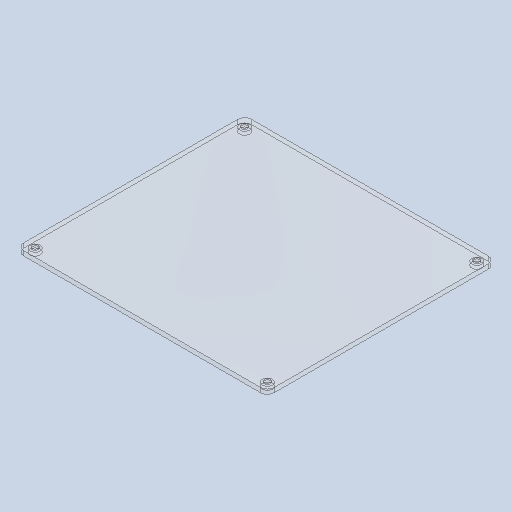
# Autodesk Inventor part: podstawa
Saved by Autodesk Inventor 2025 (Build 290162000, 162)
## iProperties
Created: 2026-04-02
Part Number: podstawa
Material: Tworzywo sztuczne PET
Document SubType Name: Modeling
Designer: zzapa
Density: 1.541 g/cm^3
Appearance: Poliwęglan — przezroczysty
Author: zzapa
Autodesk Inventor part; units mm, degrees
ref_plane "YZ Plane" through (0, 0, 0) normal (1, 0, 0) x (0, 1, 0)
ref_plane "XZ Plane" through (0, 0, 0) normal (0, 1, 0) x (-1, 0, 0)
ref_plane "XY Plane" through (0, 0, 0) normal (0, 0, 1) x (1, 0, 0)
sketch "Szkic1" plane through (0, 0, 0) normal (0, 1, 0) x (-1, 0, 0)
  line L0 (110, 0) -> (0, 0)
  line L1 (0, 0) -> (0, -100)
  line L2 (0, -100) -> (110, -100)
  line L3 (110, -100) -> (110, 0)
  dimension "d0" = 100
  dimension "d1" = 110
  constraints: 8 end point, 2 parallel, 1 coincident, 1 horizontal, 1 perpendicular
  measures "d0" distance of L2.end L0.start
  measures "d1" distance of L1.end L2.end
extrude "Gabaryt" add sketch "Szkic1" along normal blind 2
sketch "Szkic2" plane through (0, 0, 0) normal (0, 1, 0) x (1, 0, 0)
  line L0 (0, 0) -> (0, 100) projected
  line L1 (-110, 0) -> (0, 0) projected
  line L2 (-110, 100) -> (-110, 0) projected
  line L3 (0, 100) -> (-110, 100) projected
  line L4 (-110, 50) -> (0, 50)
  line L5 (-55, 100) -> (-55, 0)
  point P0 (-4, 4)
  point P1 (-106, 4)
  point P2 (-4, 96)
  point P3 (-106, 96)
  dimension "d4" = 4
  dimension "d5" = 4
  constraints: 4 end point, 4 midpoint, 3 symmetric about line
  measures "d4" distance from line of point (-4, 4) L0
  measures "d5" distance from line of L1 point (-4, 4)
hole "Otwory montażowe" at (-4, 0, -4) at (-106, 0, -4) at (-106, 0, -96) at (-4, 0, -96) direction (0, 1, 0) diameter 2.6 end through all counterbore diameter 4.5 counterbore depth 1.5
fillet "Zaokrąglenie1" radius 3 4 edges at (0, 1, 0) (-110, 1, 0) (-110, 1, -100) (0, 1, -100)
equation "\"d0\" = podstawa_a"
equation "\"d1\" = podstawa_b"
equation "\"d2\" = podstawa_wys"
equation "\"d4\" = podstawa_otwory_montazowe_poz_x"
equation "\"d5\" = podstawa_otwory_montazowe_poz_y"
equation "\"d6\" = gniazdo_M2_D2"
equation "\"d8\" = gniazdo_M2_D1"
equation "\"d9\" = gniazdo_M2_glebokosc"
equation "\"d13\" = podstawa_zaokraglenie"
equation "\"podstawa_a\" = 100"
equation "\"podstawa_b\" = 110"
equation "\"podstawa_wys\" = 2"
equation "\"podstawa_otwory_montazowe_poz_y\" = 4"
equation "\"podstawa_otwory_montazowe_poz_x\" = 4"
equation "\"gniazdo_M2_D1\" = 4.5"
equation "\"gniazdo_M2_glebokosc\" = 1.5"
equation "\"gniazdo_M2_D2\" = 2.6"
equation "\"obudowa_wys\" = 45"
equation "\"obudowa_grubosc\" = 2"
equation "\"obudowa_prowadnica_odsuniecie\" = 2"
equation "\"obudowa_prowadnica_grubosc\" = 2"
equation "\"obudowa_kontrolki_a\" = 38"
equation "\"obudowa_prowadnica_wys\" = 19"
equation "\"obudowa_otwory_montazowe_poz_y\" = 4"
equation "\"obudowa_otwory_montazowe_poz_x\" = 4"
equation "\"obudowa_otwory_montazowe_material_y\" = 8"
equation "\"obudowa_otwory_montazowe_material_x\" = 8"
equation "\"insert_D\" = 2.4"
equation "\"insert_glebokosc\" = 5.5"
equation "\"obudowa_zaokraglenie\" = 3"
equation "\"podstawa_zaokraglenie\" = 3"
equation "\"obudowa_otwory_io_wys\" = 15"
equation "\"obudowa_otwory_io_D\" = 15"
equation "\"obudowa_otwory_io1_poz\" = 55"
equation "\"obudowa_otwory_io1_wys\" = 25"
equation "\"obudowa_otwory_io1_D\" = 11.5"
equation "\"obudowa_otwory_io2_poz\" = 38"
equation "\"obudowa_otwory_io2_wys\" = 25"
equation "\"obudowa_otwory_io2_D\" = 11.5"
equation "\"obudowa_otwory_pot_D\" = 8"
equation "\"input_b\" = 14.4"
equation "\"input_wys\" = 11"
equation "\"input_a\" = 9"
equation "\"obudowa_MTS_otwor_D\" = 6.2"
equation "\"obudowa_pot_poz_y\" = 15"
equation "\"obudowa_s_poz_x\" = 78"
equation "\"obudowa_s_D\" = 6.2"
equation "\"obudowa_s_poz_y\" = 15"
equation "\"obudowa_s_rozstaw_y\" = 16"
equation "\"pcb_rozstaw_x\" = 92"
equation "\"pcb_rozstaw_y\" = 58"
equation "\"obudowa_pcb_grubosc_scianki\" = 6"
equation "\"pcb_grubosc_scianki\" = 6"
equation "\"pcb_poz_y\" = 27"
equation "\"pcb_wys_bloku\" = 35"
equation "\"obudowa_footswitch_poz_y\" = 68"
equation "\"obudowa_footswitch_poz_x\" = 35"
equation "\"obudowa_footswitch_D\" = 12.3"
equation "\"obudowa_led_indicator_D\" = 4"
equation "\"obudowa_led_indicator_poz_x\" = 55"
equation "\"obudowa_podkladka_otwory\" = 4"

################

Your goal ->
Restate all entries above exactly, but not the images.

Answer to this task ->
# Autodesk Inventor part: podstawa
Saved by Autodesk Inventor 2025 (Build 290162000, 162)
## iProperties
Created: 2026-04-02
Part Number: podstawa
Material: Tworzywo sztuczne PET
Document SubType Name: Modeling
Designer: zzapa
Density: 1.541 g/cm^3
Appearance: Poliwęglan — przezroczysty
Author: zzapa
Autodesk Inventor part; units mm, degrees
ref_plane "YZ Plane" through (0, 0, 0) normal (1, 0, 0) x (0, 1, 0)
ref_plane "XZ Plane" through (0, 0, 0) normal (0, 1, 0) x (-1, 0, 0)
ref_plane "XY Plane" through (0, 0, 0) normal (0, 0, 1) x (1, 0, 0)
sketch "Szkic1" plane through (0, 0, 0) normal (0, 1, 0) x (-1, 0, 0)
  line L0 (110, 0) -> (0, 0)
  line L1 (0, 0) -> (0, -100)
  line L2 (0, -100) -> (110, -100)
  line L3 (110, -100) -> (110, 0)
  dimension "d0" = 100
  dimension "d1" = 110
  constraints: 8 end point, 2 parallel, 1 coincident, 1 horizontal, 1 perpendicular
  measures "d0" distance of L2.end L0.start
  measures "d1" distance of L1.end L2.end
extrude "Gabaryt" add sketch "Szkic1" along normal blind 2
sketch "Szkic2" plane through (0, 0, 0) normal (0, 1, 0) x (1, 0, 0)
  line L0 (0, 0) -> (0, 100) projected
  line L1 (-110, 0) -> (0, 0) projected
  line L2 (-110, 100) -> (-110, 0) projected
  line L3 (0, 100) -> (-110, 100) projected
  line L4 (-110, 50) -> (0, 50)
  line L5 (-55, 100) -> (-55, 0)
  point P0 (-4, 4)
  point P1 (-106, 4)
  point P2 (-4, 96)
  point P3 (-106, 96)
  dimension "d4" = 4
  dimension "d5" = 4
  constraints: 4 end point, 4 midpoint, 3 symmetric about line
  measures "d4" distance from line of point (-4, 4) L0
  measures "d5" distance from line of L1 point (-4, 4)
hole "Otwory montażowe" at (-4, 0, -4) at (-106, 0, -4) at (-106, 0, -96) at (-4, 0, -96) direction (0, 1, 0) diameter 2.6 end through all counterbore diameter 4.5 counterbore depth 1.5
fillet "Zaokrąglenie1" radius 3 4 edges at (0, 1, 0) (-110, 1, 0) (-110, 1, -100) (0, 1, -100)
equation "\"d0\" = podstawa_a"
equation "\"d1\" = podstawa_b"
equation "\"d2\" = podstawa_wys"
equation "\"d4\" = podstawa_otwory_montazowe_poz_x"
equation "\"d5\" = podstawa_otwory_montazowe_poz_y"
equation "\"d6\" = gniazdo_M2_D2"
equation "\"d8\" = gniazdo_M2_D1"
equation "\"d9\" = gniazdo_M2_glebokosc"
equation "\"d13\" = podstawa_zaokraglenie"
equation "\"podstawa_a\" = 100"
equation "\"podstawa_b\" = 110"
equation "\"podstawa_wys\" = 2"
equation "\"podstawa_otwory_montazowe_poz_y\" = 4"
equation "\"podstawa_otwory_montazowe_poz_x\" = 4"
equation "\"gniazdo_M2_D1\" = 4.5"
equation "\"gniazdo_M2_glebokosc\" = 1.5"
equation "\"gniazdo_M2_D2\" = 2.6"
equation "\"obudowa_wys\" = 45"
equation "\"obudowa_grubosc\" = 2"
equation "\"obudowa_prowadnica_odsuniecie\" = 2"
equation "\"obudowa_prowadnica_grubosc\" = 2"
equation "\"obudowa_kontrolki_a\" = 38"
equation "\"obudowa_prowadnica_wys\" = 19"
equation "\"obudowa_otwory_montazowe_poz_y\" = 4"
equation "\"obudowa_otwory_montazowe_poz_x\" = 4"
equation "\"obudowa_otwory_montazowe_material_y\" = 8"
equation "\"obudowa_otwory_montazowe_material_x\" = 8"
equation "\"insert_D\" = 2.4"
equation "\"insert_glebokosc\" = 5.5"
equation "\"obudowa_zaokraglenie\" = 3"
equation "\"podstawa_zaokraglenie\" = 3"
equation "\"obudowa_otwory_io_wys\" = 15"
equation "\"obudowa_otwory_io_D\" = 15"
equation "\"obudowa_otwory_io1_poz\" = 55"
equation "\"obudowa_otwory_io1_wys\" = 25"
equation "\"obudowa_otwory_io1_D\" = 11.5"
equation "\"obudowa_otwory_io2_poz\" = 38"
equation "\"obudowa_otwory_io2_wys\" = 25"
equation "\"obudowa_otwory_io2_D\" = 11.5"
equation "\"obudowa_otwory_pot_D\" = 8"
equation "\"input_b\" = 14.4"
equation "\"input_wys\" = 11"
equation "\"input_a\" = 9"
equation "\"obudowa_MTS_otwor_D\" = 6.2"
equation "\"obudowa_pot_poz_y\" = 15"
equation "\"obudowa_s_poz_x\" = 78"
equation "\"obudowa_s_D\" = 6.2"
equation "\"obudowa_s_poz_y\" = 15"
equation "\"obudowa_s_rozstaw_y\" = 16"
equation "\"pcb_rozstaw_x\" = 92"
equation "\"pcb_rozstaw_y\" = 58"
equation "\"obudowa_pcb_grubosc_scianki\" = 6"
equation "\"pcb_grubosc_scianki\" = 6"
equation "\"pcb_poz_y\" = 27"
equation "\"pcb_wys_bloku\" = 35"
equation "\"obudowa_footswitch_poz_y\" = 68"
equation "\"obudowa_footswitch_poz_x\" = 35"
equation "\"obudowa_footswitch_D\" = 12.3"
equation "\"obudowa_led_indicator_D\" = 4"
equation "\"obudowa_led_indicator_poz_x\" = 55"
equation "\"obudowa_podkladka_otwory\" = 4"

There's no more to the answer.